Корней Чуковский - Ирина Лукьянова
Шрифт:
Интервал:
Чуковский, вернувшийся в столицу после долгого отсутствия, оказался на обочине процесса кристаллизации элиты, формирования особого сословия советских писателей – выброшенный из литературы маргинал, раздавленный горем старик, попутчик, буржуй, литератор старой формации. Он чувствовал себя безнадежно чужим в непонятной новой жизни, которая прекрасно обходилась без него. Ему предстояло заново вписаться в литературный процесс, и он попытался эту задачу решить. Пошел по редакциям, предлагая свою «Солнечную», ему, разумеется, тут же предложили внести ряд поправок, он взялся их вносить… Весь конец ноября и начало декабря он бегал по московским начальственным кабинетам, пытаясь устроить судьбу своих книг и книг своего сына (тот писал отцу в одном из писем: «Как писателя меня раскассировали и отменили»), добыть денег, решить проблему с зимним пальто (а проблема была не только в деньгах, но и в постоянном дефиците «потребительских товаров»). Холода пришли, ходить было не в чем, кроме летнего пальто и рваных калош. Московские коллеги тем временем решали важный творческий вопрос о создании биографии Сталина для пионеров.
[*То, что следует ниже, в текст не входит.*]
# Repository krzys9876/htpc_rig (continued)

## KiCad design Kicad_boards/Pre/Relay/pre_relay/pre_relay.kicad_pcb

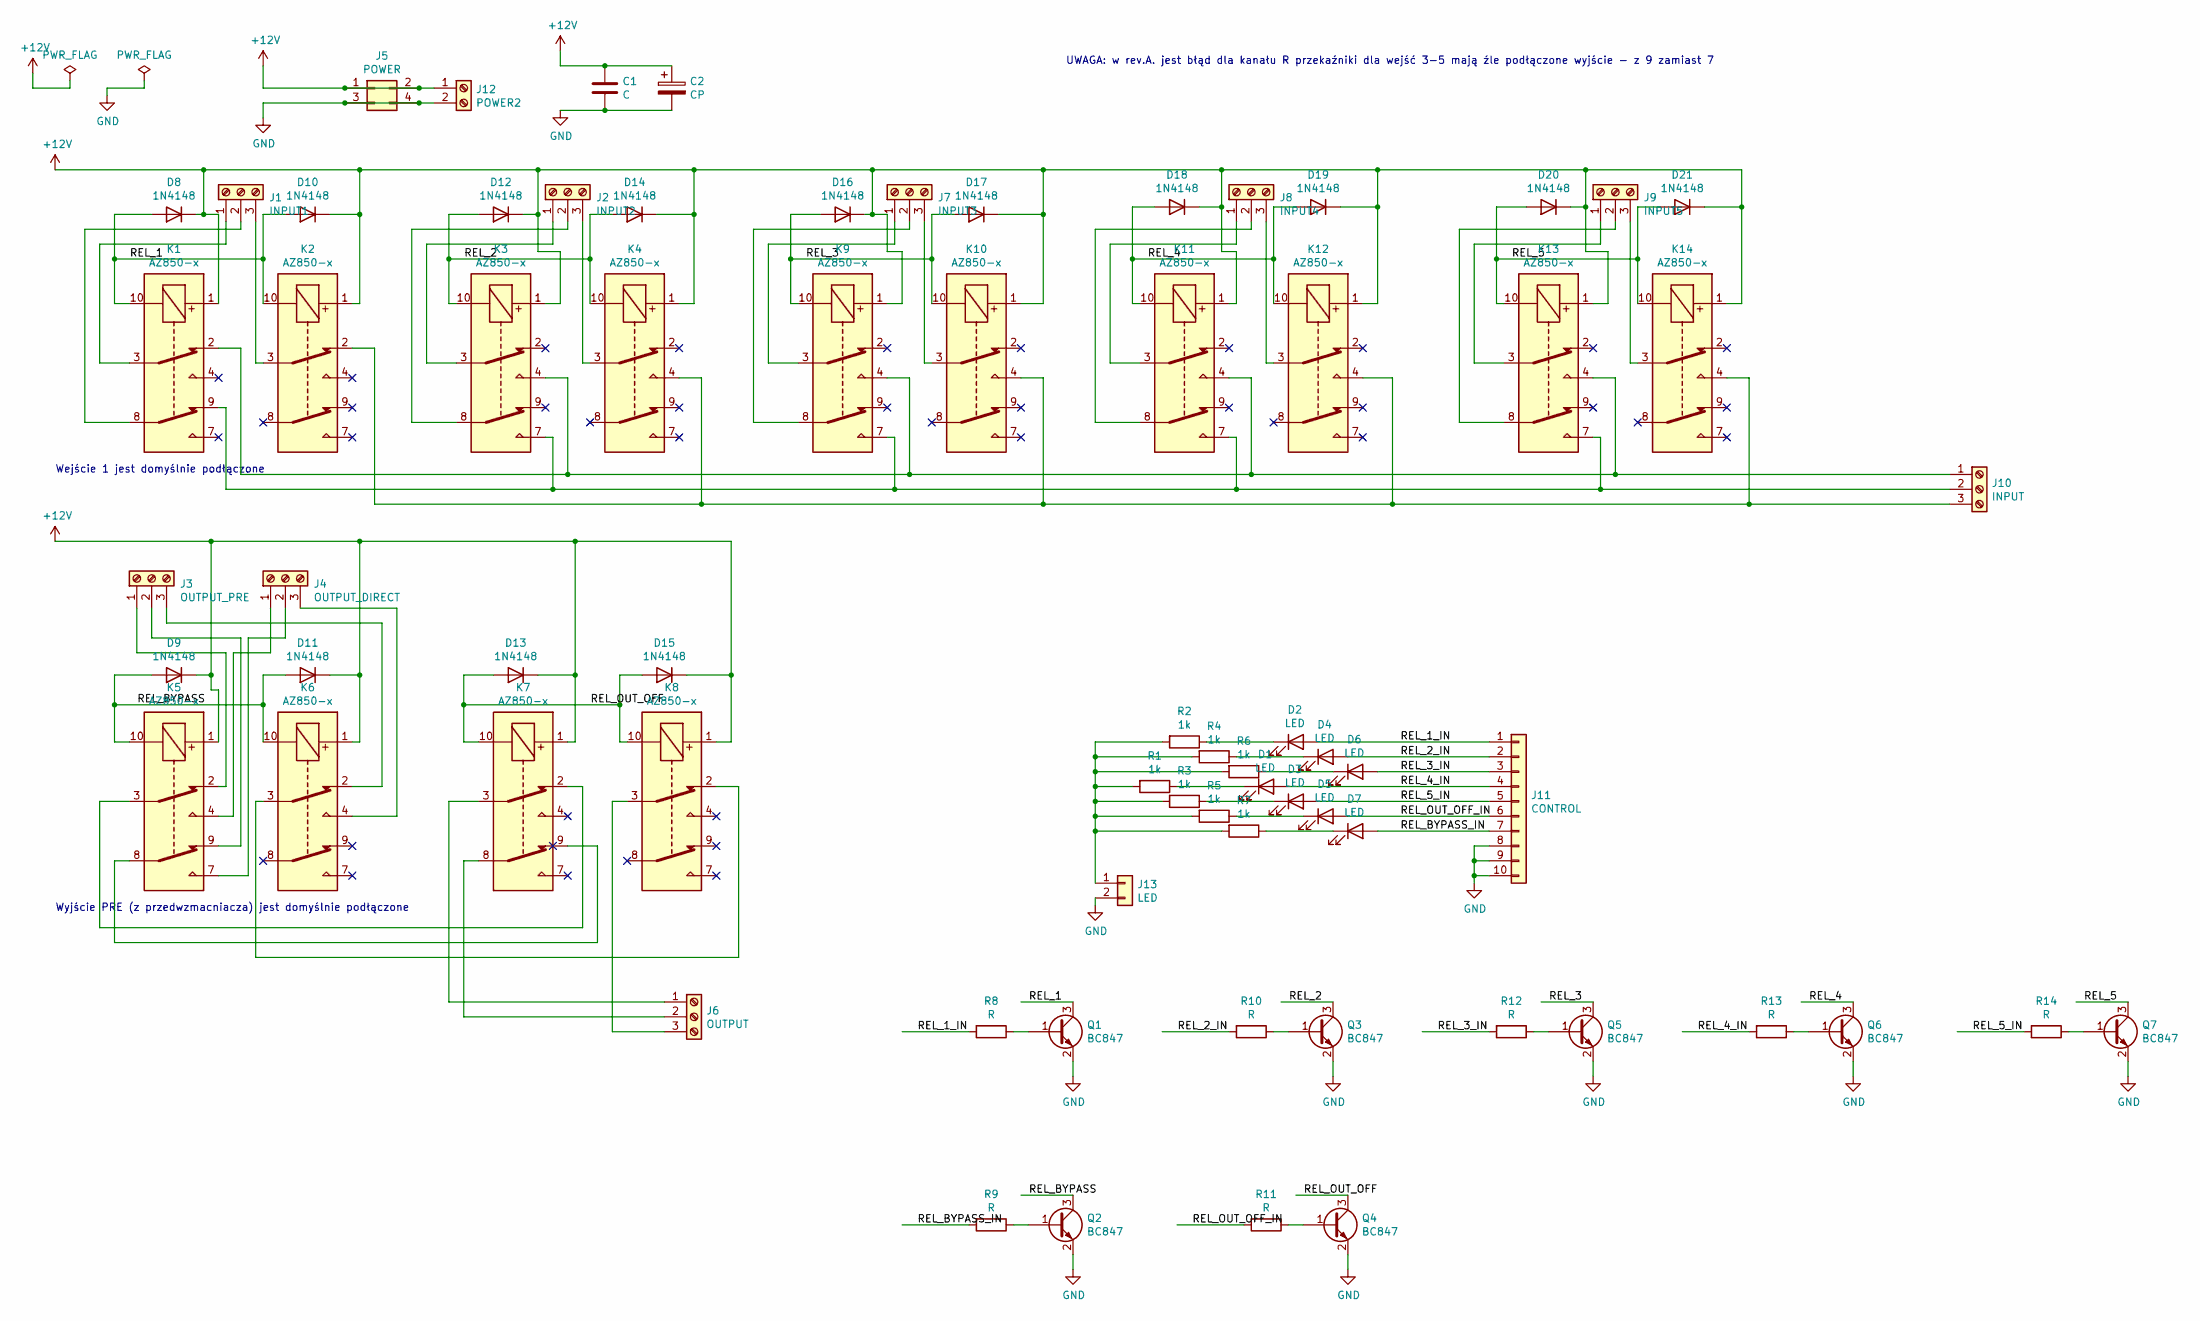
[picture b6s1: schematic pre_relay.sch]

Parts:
C1: C; C_1206_3216Metric
C2: CP; C_1210_3225Metric
D1, D2, D3, D4, D5, D6, D7: LED; LED_0805_2012Metric
D8, D9, D10, D11, D12, D13, D14, D15, D16, D17, D18, D19, D20, D21: 1N4148; D_DO-35_SOD27_P7.62mm_Horizontal
J1: INPUT1; TerminalBlock_RND_205-00002_1x03_P5.00mm_Horizontal
J2: INPUT2; TerminalBlock_RND_205-00002_1x03_P5.00mm_Horizontal
J3: OUTPUT_PRE; TerminalBlock_RND_205-00002_1x03_P5.00mm_Horizontal
J4: OUTPUT_DIRECT; TerminalBlock_RND_205-00002_1x03_P5.00mm_Horizontal
J5: POWER; PinHeader_2x02_P2.54mm_Vertical
J6: OUTPUT; TerminalBlock_RND_205-00002_1x03_P5.00mm_Horizontal
J7: INPUT3; TerminalBlock_RND_205-00002_1x03_P5.00mm_Horizontal
J8: INPUT4; TerminalBlock_RND_205-00002_1x03_P5.00mm_Horizontal
J9: INPUT5; TerminalBlock_RND_205-00002_1x03_P5.00mm_Horizontal
J10: INPUT; TerminalBlock_RND_205-00002_1x03_P5.00mm_Horizontal
J11: CONTROL; IDC-Header_2x05_P2.54mm_Vertical
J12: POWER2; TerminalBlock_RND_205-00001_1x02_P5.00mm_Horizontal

Неприкаянный писатель ходит из дома в дом, из кабинета в кабинет, записывает разговоры, пытается отвлечься, мается, страдает от неопределенности и ощущения своей чужеродности. Как старик из чеховской «Тоски», он поглощен горем, и ему не с кем поговорить. Может быть, поэтому он всякий раз подробно пишет о любом проявлении сострадания и участия. Собственно, ему сейчас ничего и не надо, кроме человеческого тепла, и именно оно в писательской Москве оказывается в наибольшем дефиците. Разве что Халатов «нашел какие-то непошлые слова» сострадания, и Мариэтта Шагинян обняла, поцеловала, нежно усадила на диванчик, стала слушать… «Я понял, что эта нежность относится к Мурочке, – и разревелся и стал ей первой рассказывать о Мурочке, какая это была нежная, гордая, светлая, единственная в мире душа. Шагинян поняла меня, у нее у самой только что умерла от рака в страшных мучениях мать. И вообще все, что говорила Шагинян на этом диванчике, было окрашено для меня глубокой человечностью, душевной ясностью…»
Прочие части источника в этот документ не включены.